Как и его отец, Филипп любил безделушки, забивал стеклянные шкафы шкатулками, старинными драгоценностями, бокалами, стаканами, часами, хрусталем, фарфором. Но увлечение искусством не заслонило в нем интереса к науке, и черный дым, поднимающийся к небу из труб лаборатории Гумберта, доказывал прохожим, что герцог Орлеанский снова занят своими необычными опытами.

Но увы! Все это не могло утешить принца, лишенного возможности принимать участие в грандиозных событиях, от которых зависят судьбы мира. И пока молва превозносила имена Виллара, Вандома, Бервика, пока беспомощный Вильруа пожинал лавры, которые никогда не доставались маршалу Люксембургскому, он вынужден был играть комедию у герцогини Бургундской! Возродилась его язвительная ироничность, становившаяся все злей по мере того, как увеличивались ошибки, доказывавшие отсутствие способностей у генералов, которых предпочли Филиппу. Когда Таллар после крупного поражения получил губернаторство во Франш-Комте, герцог Орлеанский сказал: «Как это прекрасно – дать что-нибудь тому, кто все проиграл!»

За несколько дней до унесшей столько человеческих жизней битвы при Рамилье он предупреждал, что распоряжения, отданные Вильруа, губительны для французской армии, – Людовик оставался непоколебим.
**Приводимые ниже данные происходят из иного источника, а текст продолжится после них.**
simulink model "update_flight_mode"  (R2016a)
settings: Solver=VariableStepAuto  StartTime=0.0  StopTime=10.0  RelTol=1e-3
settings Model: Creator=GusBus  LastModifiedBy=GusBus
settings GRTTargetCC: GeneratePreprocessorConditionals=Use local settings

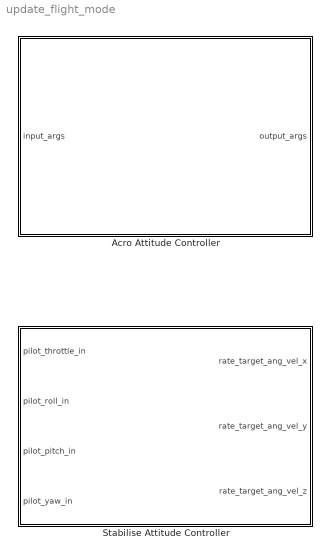
== system update_flight_mode ==
  Acro Attitude Controller : MATLAB Function  TreatAsAtomicUnit=on
  Stabilise Attitude Controller : MATLAB Function  TreatAsAtomicUnit=on

== matlab function update_flight_mode/Acro Attitude Controller ==
  data: input_args input; output_args output
function output_args   = acro_run( input_args )
%% acro_run
    
    
end

== matlab function update_flight_mode/Stabilise Attitude Controller ==
  data: pilot_throttle_in input; rate_target_ang_vel_x output; pilot_roll_in input; pilot_pitch_in input; pilot_yaw_in input; rate_target_ang_vel_y output; rate_target_ang_vel_z output
function [rate_target_ang_vel_x, rate_target_ang_vel_y, rate_target_ang_vel_z]   = stabilise_run( pilot_throttle_in, pilot_roll_in, pilot_pitch_in, pilot_yaw_in)
%% stabilise_run
%
% void Copter::stabilize_run()
% {
%     float target_roll, target_pitch;
%     float target_yaw_rate;
%     float pilot_throttle_scaled;
% 
%     // convert pilot input to lean angles
%     // To-Do: convert get_pilot_desired_lean_angles to return angles as floats
%     get_pilot_desired_lean_angles(channel_roll->get_control_in(), channel_pitch->get_control_in(), target_roll, target_pitch, aparm.angle_max);
% 
%     // get pilot's desired yaw rate
%     target_yaw_rate = get_pilot_desired_yaw_rate(channel_yaw->get_control_in());
% 
%     // get pilot's desired throttle
%     pilot_throttle_scaled = get_pilot_desired_throttle(channel_throttle->get_control_in());
% 
%     // call attitude controller
%     attitude_control.input_euler_angle_roll_pitch_euler_rate_yaw(target_roll, target_pitch, target_yaw_rate, get_smoothing_gain());
% 
%     // body-frame rate controller is run directly from 100hz loop
% 
%     // output pilot's throttle
%     attitude_control.set_throttle_out(pilot_throttle_scaled, true, g.throttle_filt);
% }
    %% Declare Global Variables
    global throttle_in throttle_avg_max
    
    %% Declare Function Variables
    float target_roll target_pitch
    float target_yaw_rate
    float pilot_throttle_scaled
    
    %% Scale Pilot Inputs
    [target_roll, target_pitch] = get_pilot_desired_lean_angles(pilot_roll_in, pilot_pitch_in, aparm.angle_max);
    target_yaw_rate = get_pilot_desired_yaw_rate(pilot_yaw_in);
    pilot_throttle_scaled = get_pilot_desired_throttle(pilot_throttle_in);
    
    %% Run the Attitude Controller
    [rate_target_ang_vel_x, rate_target_ang_vel_y, rate_target_ang_vel_z] = input_euler_angle_roll_pitch_euler_rate_yaw(target_roll, target_pitch, target_yaw_rate, get_smoothing_gain());
    [throttle_in, throttle_avg_max] = set_throttle_out(pilot_throttle_scaled);
    
end

И Филипп снова стал вести себя вызывающе. Когда его поздравляли за собранность во время рождественской мессы, он говорил, что был сосредоточен на процессе переваривания обильного ужина. Людовик XIV, раздраженно пожав плечами, сказал, что его зять «бахвалится преступлениями».

О, это был меланхоличный бахвал! Больше всего его интересовало, всегда ли судьба будет неблагосклонна к нему, и он по-прежнему обращался с этим вопросом к колдунам и чародеям. Однажды вечером колдун, похвалявшийся, что он может прочитать будущее в стакане воды, был приведен к мадемуазель де Сери.

Вручив стакан, с помощью которого делались предсказания, восьмилетней воспитаннице мадемуазель де Сери, колдун предложил принцу задать вопрос ребенку. Филипп спросил, что произойдет, когда умрет его величество. Девочка описала королевские покои, где она никогда не была, ей виделся пожилой человек, лежащий на кровати, закрытой балдахином; он благословлял маленького мальчика. Она видела людей, собравшихся вокруг кровати, и по описанию в них легко было узнать мадам де Ментенон, королевского врача Фагона, Мадам, принцесс, и вдруг девочка вскрикнула – она увидела герцога Орлеанского. Но несмотря на настойчивые расспросы, она не могла различить среди собравшихся дофина, герцога Бургундского и герцога де Бёрри – они все умрут раньше короля, но в 1706 году это никому не могло прийти в голову.

Тогда Филипп спросил о своей собственной судьбе. Все тут же изменилось, и на стене присутствующие увидели изображение герцога Орлеанского. На голове у него была корона, но она не была увенчана привычной королевской символикой – корона монарха, который на самом деле совсем им не был.

Туринское сражение

(1706–1707)

Двадцать второго июня 1706 года придворные, удостоенные чести быть приглашенными в Марли, живо обсуждали беднягу Вильруа, который наконец был смещен с поста командующего во Фландрии и заменен герцогом Вандомским, ранее командовавшим армией в Италии. Таким образом, образовалось вакантное место, и было немало желающих его заполучить.

Ни для кого не было секретом, что у короля почти не осталось возможностей избежать вторжения. Были проиграны сражения в Германии, в Голландии; в Испании ФилиппУ отвоевал Мадрид, но Гибралтар, Арагон, Каталония оставались в руках противника. И только крупный военный успех по ту сторону Альп еще мог разомкнуть железное кольцо, смыкавшееся вокруг страны.